The synod on synodality aims, according to the documents, to ensure more “diversity” within the internal life of the Church and to ensure that the views of the “marginalized” are properly represented within the synodal dialogue, the purpose of which is to allow the Church to better listen to and articulate the sensus fidelium, or the consensus of the faithful, which the Church teaches is an authentic guarantor of the faith expressed by the Church.

The synodal documents recognize various groups at risk of being marginalized, including the women, refugees, migrants, the poor, the elderly, people with disabilities, and encourages local Church leaders to ensure their full and active participation in the synodal process, together with “Catholics who rarely or never practice their faith.”

“Together, all the baptised are the subject of the sensus fidelium, the living voice of the People of God,” says the synodal vademecum. “At the same time, in order to participate fully in the act of discerning, it is important for the baptised to hear the voices of other people in their local context, including people who have left the practice of the faith, people of other faith traditions, people of no religious belief, etc.”

“While all the baptized are specifically called to take part in the Synodal Process, no one – no matter their religious affiliation – should be excluded from sharing their perspective and experiences, insofar as they want to help the Church on her synodal journey of seeking what is good and true. This is especially true of those who are most vulnerable or marginalized.”


The synodal document’s insistence on the participation of both Catholics who have left the practice of the faith and of non-Catholics, is likely to fuel concerns that the process could foment dissent against established Church teaching across a range of issues.

During the press conference Tuesday morning, journalists repeatedly raised the ongoing “synodal way” being pursued by the Church in Germany, which has stated the aim of calling for a federalization of doctrinal authority in the Church and the revision of established teaching on a number of subjects, including human sexuality and the sacramental ordination of women. 

Synodal officials emphasized that the pope is the ultimate point of unity and authority in the synodal process, and the diocesan bishops are called to fill the same role at the local level — synodality does not mean either a “parliamentary” process or the introduction of majority-view decision making within the Church.

Instead, they said, moving the Church to a more permanent mindset of synodality would allow the faithful to better exercise “the prophetic function of all the people of God” articulated by the Second Vatican Council.

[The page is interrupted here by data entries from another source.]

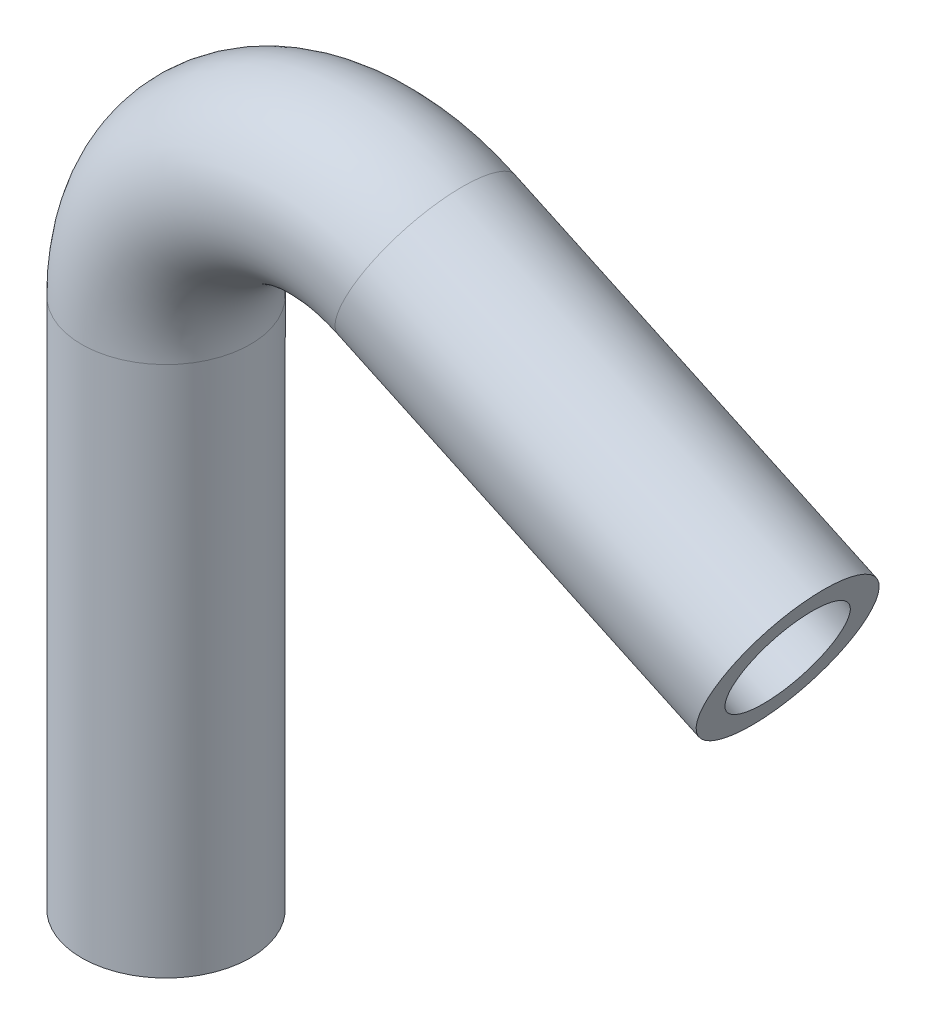
ISO-10303-21;
HEADER;
FILE_DESCRIPTION(('STEP AP214'),'2;1');
FILE_NAME('part.step','',(''),(''),'','','');
FILE_SCHEMA(('AUTOMOTIVE_DESIGN { 1 0 10303 214 1 1 1 1 }'));
ENDSEC;
DATA;
#1=APPLICATION_CONTEXT('core data for automotive mechanical design processes');
#2=APPLICATION_PROTOCOL_DEFINITION('international standard','automotive_design',2000,#1);
#3=PRODUCT_CONTEXT('',#1,'mechanical');
#4=PRODUCT('Part','Part','',(#3));
#5=PRODUCT_RELATED_PRODUCT_CATEGORY('part','',(#4));
#6=PRODUCT_DEFINITION_FORMATION('','',#4);
#7=PRODUCT_DEFINITION_CONTEXT('part definition',#1,'design');
#8=PRODUCT_DEFINITION('design','',#6,#7);
#9=PRODUCT_DEFINITION_SHAPE('','',#8);
#10=(LENGTH_UNIT() NAMED_UNIT(*) SI_UNIT(.MILLI.,.METRE.));
#11=(NAMED_UNIT(*) PLANE_ANGLE_UNIT() SI_UNIT($,.RADIAN.));
#12=(NAMED_UNIT(*) SI_UNIT($,.STERADIAN.) SOLID_ANGLE_UNIT());
#13=UNCERTAINTY_MEASURE_WITH_UNIT(LENGTH_MEASURE(1.E-05),#10,'distance_accuracy_value','');
#14=(GEOMETRIC_REPRESENTATION_CONTEXT(3) GLOBAL_UNCERTAINTY_ASSIGNED_CONTEXT((#13)) GLOBAL_UNIT_ASSIGNED_CONTEXT((#10,
#11,#12)) REPRESENTATION_CONTEXT('',''));
#15=CARTESIAN_POINT('',(0.,0.,0.));
#16=DIRECTION('',(0.,0.,1.));
#17=DIRECTION('',(1.,0.,0.));
#18=AXIS2_PLACEMENT_3D('',#15,#16,#17);
#19=CARTESIAN_POINT('',(0.,0.,0.));
#20=DIRECTION('',(0.,-1.,0.));
#21=DIRECTION('',(1.,0.,0.));
#22=AXIS2_PLACEMENT_3D('',#19,#20,#21);
#23=PLANE('',#22);
#24=CARTESIAN_POINT('',(0.,0.,0.));
#25=DIRECTION('',(0.,-1.,0.));
#26=DIRECTION('',(1.,0.,0.));
#27=AXIS2_PLACEMENT_3D('',#24,#25,#26);
#28=CIRCLE('',#27,2.175);
#29=CARTESIAN_POINT('',(2.175,0.,0.));
#30=VERTEX_POINT('',#29);
#31=EDGE_CURVE('E70',#30,#30,#28,.T.);
#32=ORIENTED_EDGE('',*,*,#31,.F.);
#33=EDGE_LOOP('',(#32));
#34=FACE_BOUND('',#33,.T.);
#35=CARTESIAN_POINT('',(0.,0.,0.));
#36=DIRECTION('',(0.,-1.,0.));
#37=DIRECTION('',(1.,0.,0.));
#38=AXIS2_PLACEMENT_3D('',#35,#36,#37);
#39=CIRCLE('',#38,3.175);
#40=CARTESIAN_POINT('',(3.175,0.,0.));
#41=VERTEX_POINT('',#40);
#42=EDGE_CURVE('E61',#41,#41,#39,.T.);
#43=ORIENTED_EDGE('',*,*,#42,.T.);
#44=EDGE_LOOP('',(#43));
#45=FACE_BOUND('',#44,.T.);
#46=ADVANCED_FACE('F47',(#34,#45),#23,.T.);
#47=CARTESIAN_POINT('',(23.4011553859463,19.9081801649214,0.));
#48=DIRECTION('',(-0.906307787036648,0.422618261740704,0.));
#49=DIRECTION('',(-0.422618261740704,-0.906307787036648,0.));
#50=AXIS2_PLACEMENT_3D('',#47,#48,#49);
#51=PLANE('',#50);
#52=CARTESIAN_POINT('',(23.4011553859463,19.9081801649214,0.));
#53=DIRECTION('',(-0.906307787036648,0.422618261740704,0.));
#54=DIRECTION('',(-0.422618261740704,-0.906307787036648,0.));
#55=AXIS2_PLACEMENT_3D('',#52,#53,#54);
#56=CIRCLE('',#55,2.175);
#57=CARTESIAN_POINT('',(22.4819606666603,17.9369607281167,0.));
#58=VERTEX_POINT('',#57);
#59=EDGE_CURVE('E66',#58,#58,#56,.T.);
#60=ORIENTED_EDGE('',*,*,#59,.T.);
#61=EDGE_LOOP('',(#60));
#62=FACE_BOUND('',#61,.T.);
#63=CARTESIAN_POINT('',(23.4011553859463,19.9081801649214,0.));
#64=DIRECTION('',(-0.906307787036648,0.422618261740704,0.));
#65=DIRECTION('',(-0.422618261740704,-0.906307787036648,0.));
#66=AXIS2_PLACEMENT_3D('',#63,#64,#65);
#67=CIRCLE('',#66,3.175);
#68=CARTESIAN_POINT('',(22.0593424049196,17.03065294108,0.));
#69=VERTEX_POINT('',#68);
#70=EDGE_CURVE('E11',#69,#69,#67,.T.);
#71=ORIENTED_EDGE('',*,*,#70,.F.);
#72=EDGE_LOOP('',(#71));
#73=FACE_BOUND('',#72,.T.);
#74=ADVANCED_FACE('F90',(#62,#73),#51,.F.);
#75=CARTESIAN_POINT('',(0.,0.,0.));
#76=DIRECTION('',(0.,1.,0.));
#77=DIRECTION('',(0.,0.,1.));
#78=AXIS2_PLACEMENT_3D('',#75,#76,#77);
#79=CYLINDRICAL_SURFACE('',#78,3.175);
#80=CARTESIAN_POINT('',(0.,20.,0.));
#81=DIRECTION('',(0.,-1.,0.));
#82=DIRECTION('',(1.,0.,0.));
#83=AXIS2_PLACEMENT_3D('',#80,#81,#82);
#84=CIRCLE('',#83,3.175);
#85=CARTESIAN_POINT('',(-3.17500000000001,20.,0.));
#86=VERTEX_POINT('',#85);
#87=EDGE_CURVE('E57',#86,#86,#84,.T.);
#88=ORIENTED_EDGE('',*,*,#87,.T.);
#89=EDGE_LOOP('',(#88));
#90=FACE_BOUND('',#89,.T.);
#91=ORIENTED_EDGE('',*,*,#42,.F.);
#92=EDGE_LOOP('',(#91));
#93=FACE_BOUND('',#92,.T.);
#94=ADVANCED_FACE('F94',(#90,#93),#79,.T.);
#95=CARTESIAN_POINT('',(6.89330289377656,20.,0.));
#96=DIRECTION('',(0.,0.,-1.));
#97=DIRECTION('',(-1.,0.,0.));
#98=AXIS2_PLACEMENT_3D('',#95,#96,#97);
#99=TOROIDAL_SURFACE('',#98,6.89330289377657,3.175);
#100=CARTESIAN_POINT('',(9.80653858039659,26.247454091032,0.));
#101=DIRECTION('',(-0.906307787036648,0.422618261740704,0.));
#102=DIRECTION('',(-0.422618261740704,-0.906307787036648,0.));
#103=AXIS2_PLACEMENT_3D('',#100,#101,#102);
#104=CIRCLE('',#103,3.175);
#105=CARTESIAN_POINT('',(11.1483515614233,29.1249813148733,0.));
#106=VERTEX_POINT('',#105);
#107=EDGE_CURVE('E53',#106,#106,#104,.T.);
#108=CARTESIAN_POINT('',(6.89330289377656,20.,0.));
#109=DIRECTION('',(0.,0.,-1.));
#110=DIRECTION('',(-1.,0.,0.));
#111=AXIS2_PLACEMENT_3D('',#108,#109,#110);
#112=CIRCLE('',#111,10.0683028937766);
#113=EDGE_CURVE('',#86,#106,#112,.T.);
#114=ORIENTED_EDGE('',*,*,#87,.F.);
#115=ORIENTED_EDGE('',*,*,#107,.T.);
#116=ORIENTED_EDGE('',*,*,#113,.T.);
#117=ORIENTED_EDGE('',*,*,#113,.F.);
#118=EDGE_LOOP('',(#114,#116,#115,#117));
#119=FACE_BOUND('',#118,.T.);
#120=ADVANCED_FACE('F96',(#119),#99,.T.);
#121=CARTESIAN_POINT('',(9.80653858039659,26.247454091032,0.));
#122=DIRECTION('',(0.906307787036648,-0.422618261740704,0.));
#123=DIRECTION('',(0.422618261740704,0.906307787036648,0.));
#124=AXIS2_PLACEMENT_3D('',#121,#122,#123);
#125=CYLINDRICAL_SURFACE('',#124,3.175);
#126=ORIENTED_EDGE('',*,*,#70,.T.);
#127=EDGE_LOOP('',(#126));
#128=FACE_BOUND('',#127,.T.);
#129=ORIENTED_EDGE('',*,*,#107,.F.);
#130=EDGE_LOOP('',(#129));
#131=FACE_BOUND('',#130,.T.);
#132=ADVANCED_FACE('F84',(#128,#131),#125,.T.);
#133=CARTESIAN_POINT('',(0.,0.,0.));
#134=DIRECTION('',(0.,1.,0.));
#135=DIRECTION('',(0.,0.,1.));
#136=AXIS2_PLACEMENT_3D('',#133,#134,#135);
#137=CYLINDRICAL_SURFACE('',#136,2.175);
#138=CARTESIAN_POINT('',(0.,20.,0.));
#139=DIRECTION('',(0.,1.,0.));
#140=DIRECTION('',(0.,0.,1.));
#141=AXIS2_PLACEMENT_3D('',#138,#139,#140);
#142=CIRCLE('',#141,2.175);
#143=CARTESIAN_POINT('',(-2.17500000000001,20.,0.));
#144=VERTEX_POINT('',#143);
#145=EDGE_CURVE('E73',#144,#144,#142,.F.);
#146=ORIENTED_EDGE('',*,*,#145,.F.);
#147=EDGE_LOOP('',(#146));
#148=FACE_BOUND('',#147,.T.);
#149=ORIENTED_EDGE('',*,*,#31,.T.);
#150=EDGE_LOOP('',(#149));
#151=FACE_BOUND('',#150,.T.);
#152=ADVANCED_FACE('F81',(#148,#151),#137,.F.);
#153=CARTESIAN_POINT('',(6.89330289377656,20.,0.));
#154=DIRECTION('',(0.,0.,-1.));
#155=DIRECTION('',(-1.,0.,0.));
#156=AXIS2_PLACEMENT_3D('',#153,#154,#155);
#157=TOROIDAL_SURFACE('',#156,6.89330289377657,2.175);
#158=CARTESIAN_POINT('',(9.80653858039659,26.247454091032,0.));
#159=DIRECTION('',(-0.906307787036647,0.422618261740705,0.));
#160=DIRECTION('',(-0.422618261740705,-0.906307787036647,0.));
#161=AXIS2_PLACEMENT_3D('',#158,#159,#160);
#162=CIRCLE('',#161,2.175);
#163=CARTESIAN_POINT('',(10.7257332996826,28.2186735278367,0.));
#164=VERTEX_POINT('',#163);
#165=EDGE_CURVE('E69',#164,#164,#162,.T.);
#166=CARTESIAN_POINT('',(6.89330289377656,20.,0.));
#167=DIRECTION('',(0.,0.,-1.));
#168=DIRECTION('',(-1.,0.,0.));
#169=AXIS2_PLACEMENT_3D('',#166,#167,#168);
#170=CIRCLE('',#169,9.06830289377657);
#171=EDGE_CURVE('',#144,#164,#170,.T.);
#172=ORIENTED_EDGE('',*,*,#145,.T.);
#173=ORIENTED_EDGE('',*,*,#165,.F.);
#174=ORIENTED_EDGE('',*,*,#171,.T.);
#175=ORIENTED_EDGE('',*,*,#171,.F.);
#176=EDGE_LOOP('',(#172,#174,#173,#175));
#177=FACE_BOUND('',#176,.T.);
#178=ADVANCED_FACE('F79',(#177),#157,.F.);
#179=CARTESIAN_POINT('',(9.80653858039659,26.247454091032,0.));
#180=DIRECTION('',(0.906307787036648,-0.422618261740704,0.));
#181=DIRECTION('',(0.422618261740704,0.906307787036648,0.));
#182=AXIS2_PLACEMENT_3D('',#179,#180,#181);
#183=CYLINDRICAL_SURFACE('',#182,2.175);
#184=ORIENTED_EDGE('',*,*,#59,.F.);
#185=EDGE_LOOP('',(#184));
#186=FACE_BOUND('',#185,.T.);
#187=ORIENTED_EDGE('',*,*,#165,.T.);
#188=EDGE_LOOP('',(#187));
#189=FACE_BOUND('',#188,.T.);
#190=ADVANCED_FACE('F91',(#186,#189),#183,.F.);
#191=CLOSED_SHELL('',(#46,#74,#94,#120,#132,#152,#178,#190));
#192=MANIFOLD_SOLID_BREP('B2',#191);
#193=ADVANCED_BREP_SHAPE_REPRESENTATION('',(#18,#192),#14);
#194=SHAPE_DEFINITION_REPRESENTATION(#9,#193);
ENDSEC;
END-ISO-10303-21;

The first phase of the synodal process begins officially on October 9 in Rome, when the permanent secretariat will host a Mass and accompanying launch event. The process will close with the sixteenth ordinary session of the synod of bishops in Rome, set to meet in October 2023, which will produce a final synodal document for consideration by the pope.

Individual dioceses are invited to create the role of a synodal “contact person” to coordinate the local process, although the synod guidelines express a preference that two “contact persons” coordinate a team of “co-leaders” of the process to better reflect the “synodal nature of the process.”